(Data items)
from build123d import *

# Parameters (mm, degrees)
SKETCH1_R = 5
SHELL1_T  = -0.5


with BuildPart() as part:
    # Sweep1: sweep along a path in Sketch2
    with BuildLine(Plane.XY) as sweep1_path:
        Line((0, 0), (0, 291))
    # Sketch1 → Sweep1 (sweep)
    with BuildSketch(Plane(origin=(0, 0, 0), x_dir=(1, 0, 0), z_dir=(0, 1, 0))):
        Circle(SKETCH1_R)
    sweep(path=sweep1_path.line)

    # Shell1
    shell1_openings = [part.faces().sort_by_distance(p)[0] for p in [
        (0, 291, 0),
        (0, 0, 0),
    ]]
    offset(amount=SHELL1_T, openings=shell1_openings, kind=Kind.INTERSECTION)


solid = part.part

- _THE TASK_:
Retype the data. Keep every word as it stands.

- _EXERCISE RESPONSE_:
from build123d import *

# Parameters (mm, degrees)
SKETCH1_R = 5
SHELL1_T  = -0.5


with BuildPart() as part:
    # Sweep1: sweep along a path in Sketch2
    with BuildLine(Plane.XY) as sweep1_path:
        Line((0, 0), (0, 291))
    # Sketch1 → Sweep1 (sweep)
    with BuildSketch(Plane(origin=(0, 0, 0), x_dir=(1, 0, 0), z_dir=(0, 1, 0))):
        Circle(SKETCH1_R)
    sweep(path=sweep1_path.line)

    # Shell1
    shell1_openings = [part.faces().sort_by_distance(p)[0] for p in [
        (0, 291, 0),
        (0, 0, 0),
    ]]
    offset(amount=SHELL1_T, openings=shell1_openings, kind=Kind.INTERSECTION)


solid = part.part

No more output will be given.